- YOUR OBJECTIVE
Each line of the data below holding the word "dimadec" must be copied.
*** SOURCE INFORMATION Section Begins ***
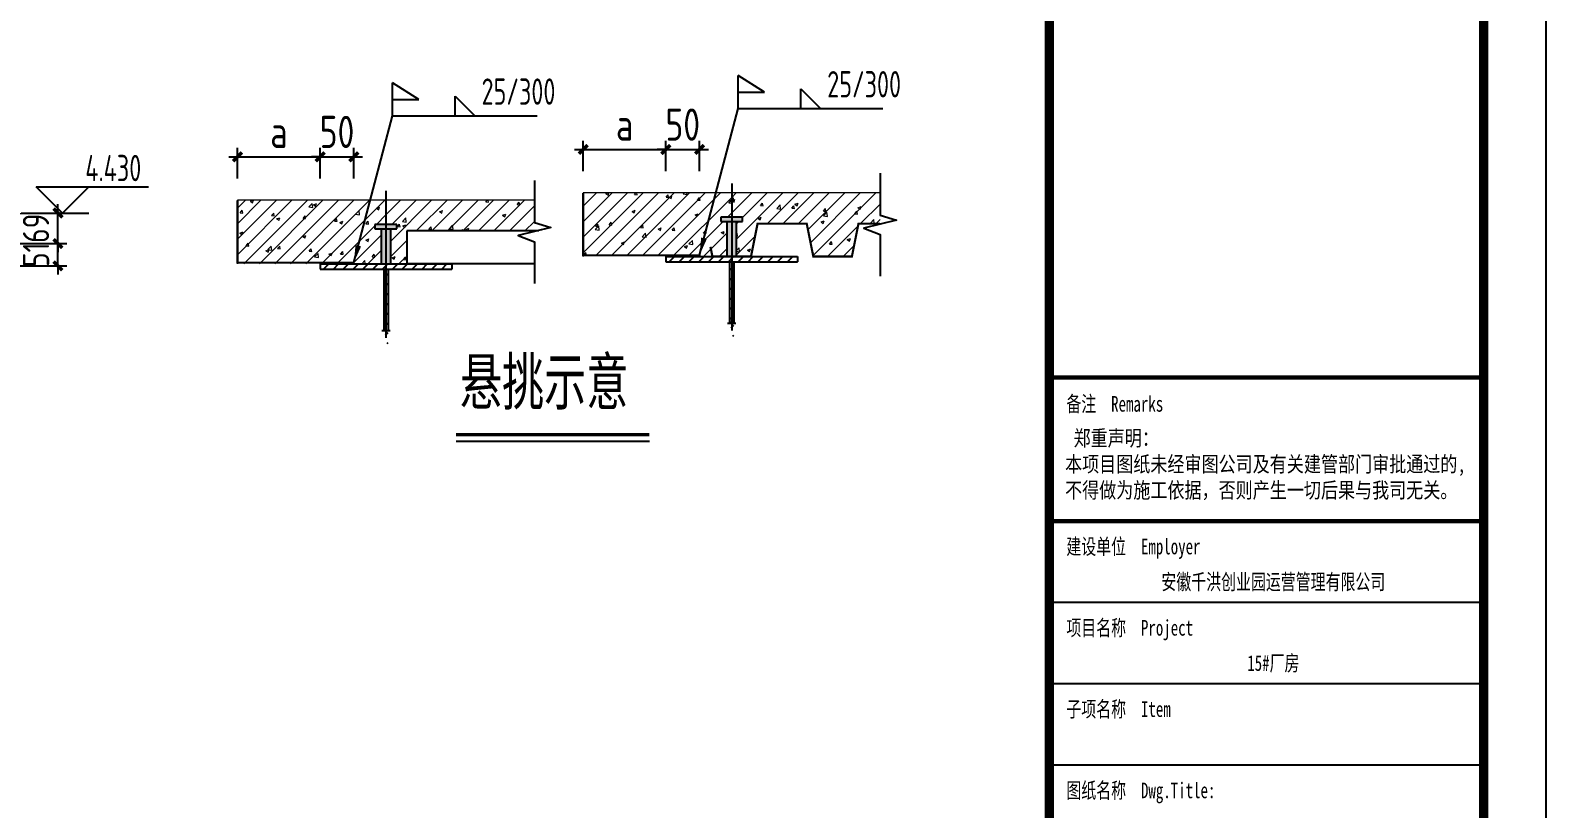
# Model space of a CAD drawing. Extents: x 177291 to 1288761, y 177638 to 322898.
# Drawn here: x 658322 to 684230, y 197944 to 211252 of the extents above; entities that cross this region are included whole.
import ezdxf
from ezdxf.enums import TextEntityAlignment as Align

# ---------------------------------------------------------------- set-up
doc = ezdxf.new("R2010")
doc.units = 0
doc.header["$LTSCALE"] = 1000
for name, color, linetype in [('AXIS', 3, 'Continuous'), ('DOTE', 1, 'Continuous'), ('Gzd', 1, 'Continuous'), ('NUM', 7, 'Continuous'), ('PUB_DIM', 3, 'Continuous'), ('PUB_TITLE', 4, 'Continuous'), ('TEXT', 7, 'Continuous'), ('THICK', 6, 'Continuous'), ('THIN', 7, 'Continuous'), ('WELD', 7, 'Continuous')]:
    doc.layers.add(name, color=color, linetype=linetype)
doc.layers.add('栓钉', color=7, linetype='Continuous', true_color=0xb8f500)
doc.layers.add('轮廓线', color=3, linetype='Continuous', lineweight=9)
doc.styles.add('_gyy_title_ST', font='', dxfattribs={"width": 0.8})
doc.styles.get("Standard").update_dxf_attribs({"font": 'gbenor.shx', "bigfont": 'gbcbig.shx'})
doc.styles.add('TSSD_Dimension', font='Tssdeng.shx', dxfattribs={"width": 0.8, "bigfont": 'hztxt.shx'})
doc.styles.add('TSSD_Norm', font='tssdeng.shx', dxfattribs={"bigfont": 'hztxt.shx'})
doc.styles.add('TSSD_Rein', font='Tssdeng.shx', dxfattribs={"width": 0.7, "bigfont": 'hztxt.shx'})
doc.styles.get('_gyy_title_ST').set_extended_font_data('SimSun')
doc.dimstyles.new('TSSD_150_150', dxfattribs={"dimtxt": 550, "dimasz": 150, "dimexe": 150, "dimexo": 375, "dimgap": 150, "dimtad": 1, "dimdec": 0, "dimzin": 0, "dimdsep": 46, "dimtxsty": 'TSSD_Dimension', "dimblk": 'ARCHTICK', "dimcen": 0, "dimdle": 150, "dimclrd": 256, "dimclre": 256, "dimclrt": 7, "dimadec": 0, "dimazin": 0, "dimtfac": 1, "dimtdec": 0, "dimtix": 1, "dimtmove": 2, "dimatfit": 3, "dimfxl": 1, "dimtolj": 1, "dimtzin": 0, "dimarcsym": 0})
doc.dimstyles.new('TSSD_20_150', dxfattribs={"dimtxt": 450, "dimasz": 150, "dimexe": 150, "dimexo": 375, "dimgap": 150, "dimtad": 1, "dimdec": 0, "dimlfac": 0.133333, "dimzin": 0, "dimdsep": 46, "dimtxsty": 'TSSD_Dimension', "dimblk": 'ARCHTICK', "dimcen": 0, "dimdle": 150, "dimclrt": 7, "dimadec": 0, "dimazin": 0, "dimtfac": 1, "dimtdec": 0, "dimtix": 1, "dimtmove": 2, "dimatfit": 3, "dimfxl": 1, "dimtolj": 1, "dimtzin": 0, "dimarcsym": 0})
doc.dimstyles.new('TSSD_LEADER_STYLE_300.0', dxfattribs={"dimtxt": 0.18, "dimasz": 300, "dimexe": 0.18, "dimexo": 0.0625, "dimgap": 0.09, "dimtad": 0, "dimtih": 1, "dimtoh": 1, "dimdec": 4, "dimzin": 0, "dimdsep": 46, "dimtxsty": 'Standard', "dimcen": 0.09, "dimadec": 0, "dimazin": 0, "dimtfac": 1, "dimtdec": 4, "dimtofl": 0, "dimtmove": 0, "dimatfit": 3, "dimfxl": 1, "dimtolj": 1, "dimtzin": 0, "dimarcsym": 0})

# ---------------------------------------------------------------- blocks, each defined once
blk = doc.blocks.new('_ArchTick')
at = {"color": 0, "linetype": 'ByBlock', "const_width": 0.4}
blk.add_lwpolyline([(-0.5, -0.5), (0.5, 0.5)], dxfattribs=at)
blk = doc.blocks.new('*D169')
at = {"layer": 'AXIS', "lineweight": -2, "transparency": 16777216}
for p, q in [((661714, 209090), (663427, 209090)), ((661864, 208721), (661864, 209240)), ((663277, 208721), (663277, 209240))]:
    blk.add_line(p, q, dxfattribs=at)
at = {"layer": 'Defpoints', "color": 0, "transparency": 16777216}
for p in [(663277, 209090), (661864, 208346), (663277, 208346)]:
    blk.add_point(p, dxfattribs=at)
at = {"layer": 'AXIS', "lineweight": -2, "transparency": 16777216, "xscale": 150, "yscale": 150, "zscale": 150, "rotation": 180}
blk.add_blockref('_ArchTick', (661864, 209090), dxfattribs=at)
at = {"layer": 'AXIS', "lineweight": -2, "transparency": 16777216, "xscale": 150, "yscale": 150, "zscale": 150}
blk.add_blockref('_ArchTick', (663277, 209090), dxfattribs=at)
at = {"layer": 'AXIS', "color": 7, "transparency": 16777216, "insert": (662571, 209515), "char_height": 550, "attachment_point": 5, "style": 'TSSD_Dimension'}
blk.add_mtext('\\A1;a', dxfattribs=at)
blk = doc.blocks.new('*D170')
at = {"layer": 'AXIS', "lineweight": -2, "transparency": 16777216}
for p, q in [((663277, 209090), (663127, 209090)), ((663277, 208721), (663277, 209240)), ((663277, 209090), (663853, 209090)), ((663853, 208721), (663853, 209240)), ((663853, 209090), (664003, 209090))]:
    blk.add_line(p, q, dxfattribs=at)
at = {"layer": 'Defpoints', "color": 0, "transparency": 16777216}
for p in [(663853, 209090), (663277, 208346), (663853, 208346)]:
    blk.add_point(p, dxfattribs=at)
at = {"layer": 'AXIS', "lineweight": -2, "transparency": 16777216, "xscale": 150, "yscale": 150, "zscale": 150}
blk.add_blockref('_ArchTick', (663277, 209090), dxfattribs=at)
at = {"layer": 'AXIS', "lineweight": -2, "transparency": 16777216, "xscale": 150, "yscale": 150, "zscale": 150, "rotation": 180}
blk.add_blockref('_ArchTick', (663853, 209090), dxfattribs=at)
at = {"layer": 'AXIS', "color": 7, "transparency": 16777216, "insert": (663565, 209515), "char_height": 550, "attachment_point": 5, "style": 'TSSD_Dimension'}
blk.add_mtext('\\A1;50', dxfattribs=at)
blk = doc.blocks.new('*D171')
at = {"layer": 'AXIS', "lineweight": -2, "transparency": 16777216}
for p, q in [((669188, 208846), (669188, 209365)), ((669764, 208846), (669764, 209365)), ((669188, 209215), (669038, 209215)), ((669188, 209215), (669764, 209215)), ((669764, 209215), (669914, 209215))]:
    blk.add_line(p, q, dxfattribs=at)
at = {"layer": 'Defpoints', "color": 0, "transparency": 16777216}
for p in [(669764, 209215), (669188, 208471), (669764, 208471)]:
    blk.add_point(p, dxfattribs=at)
at = {"layer": 'AXIS', "lineweight": -2, "transparency": 16777216, "xscale": 150, "yscale": 150, "zscale": 150}
blk.add_blockref('_ArchTick', (669188, 209215), dxfattribs=at)
at = {"layer": 'AXIS', "lineweight": -2, "transparency": 16777216, "xscale": 150, "yscale": 150, "zscale": 150, "rotation": 180}
blk.add_blockref('_ArchTick', (669764, 209215), dxfattribs=at)
at = {"layer": 'AXIS', "color": 7, "transparency": 16777216, "insert": (669476, 209640), "char_height": 550, "attachment_point": 5, "style": 'TSSD_Dimension'}
blk.add_mtext('\\A1;50', dxfattribs=at)
blk = doc.blocks.new('*D172')
at = {"layer": 'AXIS', "lineweight": -2, "transparency": 16777216}
for p, q in [((667775, 208846), (667775, 209365)), ((669188, 208846), (669188, 209365)), ((667625, 209215), (669338, 209215))]:
    blk.add_line(p, q, dxfattribs=at)
at = {"layer": 'Defpoints', "color": 0, "transparency": 16777216}
for p in [(669188, 209215), (667775, 208471), (669188, 208471)]:
    blk.add_point(p, dxfattribs=at)
at = {"layer": 'AXIS', "lineweight": -2, "transparency": 16777216, "xscale": 150, "yscale": 150, "zscale": 150, "rotation": 180}
blk.add_blockref('_ArchTick', (667775, 209215), dxfattribs=at)
at = {"layer": 'AXIS', "lineweight": -2, "transparency": 16777216, "xscale": 150, "yscale": 150, "zscale": 150}
blk.add_blockref('_ArchTick', (669188, 209215), dxfattribs=at)
at = {"layer": 'AXIS', "color": 7, "transparency": 16777216, "insert": (668482, 209640), "char_height": 550, "attachment_point": 5, "style": 'TSSD_Dimension'}
blk.add_mtext('\\A1;a', dxfattribs=at)
blk = doc.blocks.new('_WELD001')
at = {"linetype": 'ByBlock'}
h = blk.add_hatch(color=0, dxfattribs=at)
h.paths.add_polyline_path([(0.8, 0.5), (0, 1), (0, 0.5)], flags=16)
edge = h.paths.add_edge_path()
edge.add_line((0.8, 0.5), (0, 1))
edge.add_line((0, 0.5), (0.8, 0.5))
edge.add_line((0, 0), (0, 1))
at = {"color": 0, "linetype": 'ByBlock'}
for p, q in [((0, 0), (0, 1)), ((0.8, 0.5), (0, 1)), ((0, 0.5), (0.8, 0.5))]:
    blk.add_line(p, q, dxfattribs=at)
blk = doc.blocks.new('_WELD004')
at = {"color": 0, "linetype": 'ByBlock'}
for p, q in [((0, 1), (1, 0)), ((0, 0), (0, 1))]:
    blk.add_line(p, q, dxfattribs=at)
blk = doc.blocks.new('*D197')
at = {"layer": 'AXIS', "color": 0, "lineweight": -2, "transparency": 16777216}
for p, q in [((658046, 208128), (658944, 208128)), ((658794, 208128), (658794, 208278)), ((658794, 207607), (658794, 208128)), ((658046, 207607), (658944, 207607)), ((658794, 207607), (658794, 207457))]:
    blk.add_line(p, q, dxfattribs=at)
at = {"layer": 'Defpoints', "color": 0, "transparency": 16777216}
for p in [(657671, 208128), (658794, 208128), (657671, 207607)]:
    blk.add_point(p, dxfattribs=at)
at = {"layer": 'AXIS', "color": 0, "lineweight": -2, "transparency": 16777216, "xscale": 150, "yscale": 150, "zscale": 150}
for p, rotation in [((658794, 208128), 270), ((658794, 207607), 90)]:
    blk.add_blockref('_ArchTick', p, dxfattribs=dict(at, rotation=rotation))
at = {"layer": 'AXIS', "color": 7, "transparency": 16777216, "insert": (658419, 207868), "char_height": 450, "attachment_point": 5, "rotation": 90, "style": 'TSSD_Dimension'}
blk.add_mtext('\\A1;69', dxfattribs=at)
blk = doc.blocks.new('*D198')
at = {"layer": 'AXIS', "color": 0, "lineweight": -2, "transparency": 16777216}
for p, q in [((658046, 207607), (658944, 207607)), ((658794, 207607), (658794, 207757)), ((658794, 207225), (658794, 207607)), ((658046, 207225), (658944, 207225)), ((658794, 207225), (658794, 207075))]:
    blk.add_line(p, q, dxfattribs=at)
at = {"layer": 'Defpoints', "color": 0, "transparency": 16777216}
for p in [(657671, 207607), (658794, 207607), (657671, 207225)]:
    blk.add_point(p, dxfattribs=at)
at = {"layer": 'AXIS', "color": 0, "lineweight": -2, "transparency": 16777216, "xscale": 150, "yscale": 150, "zscale": 150}
for p, rotation in [((658794, 207607), 270), ((658794, 207225), 90)]:
    blk.add_blockref('_ArchTick', p, dxfattribs=dict(at, rotation=rotation))
at = {"layer": 'AXIS', "color": 7, "transparency": 16777216, "insert": (658419, 207416), "char_height": 450, "attachment_point": 5, "rotation": 90, "style": 'TSSD_Dimension'}
blk.add_mtext('\\A1;51', dxfattribs=at)

msp = doc.modelspace()

# ---------------------------------------------------------------- hatches: boundary and pattern name
at = {"layer": 'Gzd'}
h = msp.add_hatch(dxfattribs=at)
h.set_pattern_fill('ANSI31', color=256, scale=75, style=0)
h.set_pattern_definition([(45, (583209.61, 198881.05), (-84.1899, 84.1899), [])])
h.paths.add_polyline_path([(670313.13, 207383.95), (669188.13, 207383.95), (669188.13, 207293.95), (670313.13, 207293.95)])
h.paths.add_polyline_path([(671438.13, 207383.95), (670313.13, 207383.95), (670313.13, 207293.95), (671438.13, 207293.95)])
h.paths.add_polyline_path([(670313.13, 207293.95), (670275.63, 207293.95), (670275.63, 206246.54), (670286.08, 206275.25), (670313.13, 206121.84)])
h.paths.add_polyline_path([(670350.63, 207293.95), (670313.13, 207293.95), (670313.13, 206121.84), (670341.62, 205960.25), (670350.63, 205985.63)])
h = msp.add_hatch(dxfattribs=at)
h.set_pattern_fill('ANSI31', color=256, scale=75, style=0)
h.set_pattern_definition([(45, (577298.67, 198755.73), (-84.1899, 84.1899), [])])
h.paths.add_polyline_path([(664402.19, 207258.63), (663277.19, 207258.63), (663277.19, 207168.63), (664402.19, 207168.63)])
h.paths.add_polyline_path([(665527.19, 207258.63), (664402.19, 207258.63), (664402.19, 207168.63), (665527.19, 207168.63)])
h.paths.add_polyline_path([(664402.19, 207168.63), (664364.69, 207168.63), (664364.69, 206121.22), (664375.14, 206149.93), (664402.19, 205996.52)])
h.paths.add_polyline_path([(664439.69, 207168.63), (664402.19, 207168.63), (664402.19, 205996.52), (664430.68, 205834.93), (664439.69, 205860.31)])
at = {"layer": '栓钉'}
h = msp.add_hatch(color=256, dxfattribs=at)
h.paths.add_polyline_path([(670125.25, 208058.95), (670125.25, 207983.95), (670500.25, 207983.95), (670500.25, 208058.95)])
h.paths.add_polyline_path([(670237.75, 207383.95), (670387.75, 207383.95), (670387.75, 207946.45), (670237.75, 207946.45)])
h.paths.add_polyline_path([(670387.75, 207946.45), (670387.75, 207983.95), (670237.75, 207983.95), (670237.75, 207946.45)])
h = msp.add_hatch(color=256, dxfattribs=at)
h.paths.add_polyline_path([(664214.31, 207933.63), (664214.31, 207858.63), (664589.31, 207858.63), (664589.31, 207933.63)])
h.paths.add_polyline_path([(664326.81, 207258.63), (664476.81, 207258.63), (664476.81, 207821.13), (664326.81, 207821.13)])
h.paths.add_polyline_path([(664476.81, 207821.13), (664476.81, 207858.63), (664326.81, 207858.63), (664326.81, 207821.13)])

# ---------------------------------------------------------------- linework, layer by layer
at = {"color": 72, "true_color": 0x62cf02}
msp.add_line((669763.85, 207405.02), (669763.85, 207383.95), dxfattribs=at)
at = {"color": 72, "true_color": 0x62cf02, "const_width": 37.5}
for points in [[(663852.91, 207279.7), (661864.27, 207279.7), (661864.27, 208346.13)], [(669763.85, 207405.02), (667775.21, 207405.02), (667775.21, 208471.45)]]:
    msp.add_lwpolyline(points, dxfattribs=at)
at = {"layer": 'DOTE'}
for p, q in [((670313.13, 208631.92), (670313.13, 206117.75)), ((664402.19, 208506.6), (664402.19, 205992.43))]:
    msp.add_line(p, q, dxfattribs=at)
at = {"layer": 'Gzd'}
for p, q in [((667014.57, 207821.13), (664758.49, 207821.13)), ((664758.49, 207821.13), (664758.49, 207258.63)), ((669188.13, 207383.95), (671438.13, 207383.95)), ((669188.13, 207383.95), (669188.13, 207293.95)), ((669188.13, 207293.95), (671438.13, 207293.95)), ((670275.63, 207293.95), (670275.63, 206246.54)), ((670350.63, 207293.95), (670350.63, 206246.54)), ((671438.13, 207383.95), (671438.13, 207293.95)), ((663277.19, 207258.63), (663277.19, 207168.63)), ((663277.19, 207258.63), (665527.19, 207258.63)), ((663277.19, 207168.63), (665527.19, 207168.63)), ((664364.69, 207168.63), (664364.69, 206121.22)), ((664439.69, 207168.63), (664439.69, 206121.22)), ((666940.11, 207258.63), (664758.49, 207258.63)), ((665527.19, 207258.63), (665527.19, 207168.63))]:
    msp.add_line(p, q, dxfattribs=at)
at = {"layer": 'Gzd', "const_width": 37.5}
for points in [[(670755.63, 207946.45), (670643.13, 207383.95), (669983.13, 207383.95), (669949.76, 207550.82), (669949.76, 207550.82), (669949.76, 207550.82), (669949.76, 207550.82)], [(672480.63, 207946.45), (672368.13, 207383.95), (671708.13, 207383.95), (671595.63, 207946.45), (670755.63, 207946.45), (670643.13, 207383.95), (670643.13, 207383.95)], [(672851.06, 207946.45), (672480.63, 207946.45), (672368.13, 207383.95), (672368.13, 207383.95)]]:
    msp.add_lwpolyline(points, dxfattribs=at)
at = {"layer": 'PUB_DIM'}
for points in [[(666940.11, 208683.63), (666940.11, 208346.13), (666940.11, 207968.88), (667221.36, 207878.88), (666659.57, 207745.77), (666940.11, 207635.88), (666940.11, 207258.63), (666940.11, 206921.13)], [(672851.06, 208808.95), (672851.06, 208471.45), (672851.06, 208094.2), (673132.31, 208004.2), (672570.51, 207871.09), (672851.06, 207761.2), (672851.06, 207383.95), (672851.06, 207046.45)], [(670241.88, 206246.54), (670275.63, 206246.54), (670296.48, 206246.54), (670305.48, 206274.66), (670318.79, 206218.48), (670329.78, 206246.54), (670350.63, 206246.54), (670384.38, 206246.54)], [(664330.94, 206121.22), (664364.69, 206121.22), (664385.54, 206121.22), (664394.54, 206149.34), (664407.85, 206093.16), (664418.84, 206121.22), (664439.69, 206121.22), (664473.44, 206121.22)]]:
    msp.add_lwpolyline(points, dxfattribs=at)
at = {"layer": 'PUB_TITLE'}
for p, q in [((683247.55, 205318.52), (675764.39, 205318.52)), ((683247.55, 201470.04), (675764.39, 201470.04)), ((683247.55, 200080.32), (675764.39, 200080.32)), ((683247.55, 198690.59), (675764.39, 198690.59))]:
    msp.add_line(p, q, dxfattribs=at)
msp.add_lwpolyline([(595032.32, 240960.27), (684229.69, 240960.27), (684229.69, 177959.98), (595032.32, 177959.98)], close=True, dxfattribs=at)
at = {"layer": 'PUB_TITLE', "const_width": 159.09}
*** SOURCE INFORMATION Section Ends ***
- EXERCISE RESPONSE
doc.dimstyles.new('TSSD_150_150', dxfattribs={"dimtxt": 550, "dimasz": 150, "dimexe": 150, "dimexo": 375, "dimgap": 150, "dimtad": 1, "dimdec": 0, "dimzin": 0, "dimdsep": 46, "dimtxsty": 'TSSD_Dimension', "dimblk": 'ARCHTICK', "dimcen": 0, "dimdle": 150, "dimclrd": 256, "dimclre": 256, "dimclrt": 7, "dimadec": 0, "dimazin": 0, "dimtfac": 1, "dimtdec": 0, "dimtix": 1, "dimtmove": 2, "dimatfit": 3, "dimfxl": 1, "dimtolj": 1, "dimtzin": 0, "dimarcsym": 0})
doc.dimstyles.new('TSSD_20_150', dxfattribs={"dimtxt": 450, "dimasz": 150, "dimexe": 150, "dimexo": 375, "dimgap": 150, "dimtad": 1, "dimdec": 0, "dimlfac": 0.133333, "dimzin": 0, "dimdsep": 46, "dimtxsty": 'TSSD_Dimension', "dimblk": 'ARCHTICK', "dimcen": 0, "dimdle": 150, "dimclrt": 7, "dimadec": 0, "dimazin": 0, "dimtfac": 1, "dimtdec": 0, "dimtix": 1, "dimtmove": 2, "dimatfit": 3, "dimfxl": 1, "dimtolj": 1, "dimtzin": 0, "dimarcsym": 0})
doc.dimstyles.new('TSSD_LEADER_STYLE_300.0', dxfattribs={"dimtxt": 0.18, "dimasz": 300, "dimexe": 0.18, "dimexo": 0.0625, "dimgap": 0.09, "dimtad": 0, "dimtih": 1, "dimtoh": 1, "dimdec": 4, "dimzin": 0, "dimdsep": 46, "dimtxsty": 'Standard', "dimcen": 0.09, "dimadec": 0, "dimazin": 0, "dimtfac": 1, "dimtdec": 4, "dimtofl": 0, "dimtmove": 0, "dimatfit": 3, "dimfxl": 1, "dimtolj": 1, "dimtzin": 0, "dimarcsym": 0})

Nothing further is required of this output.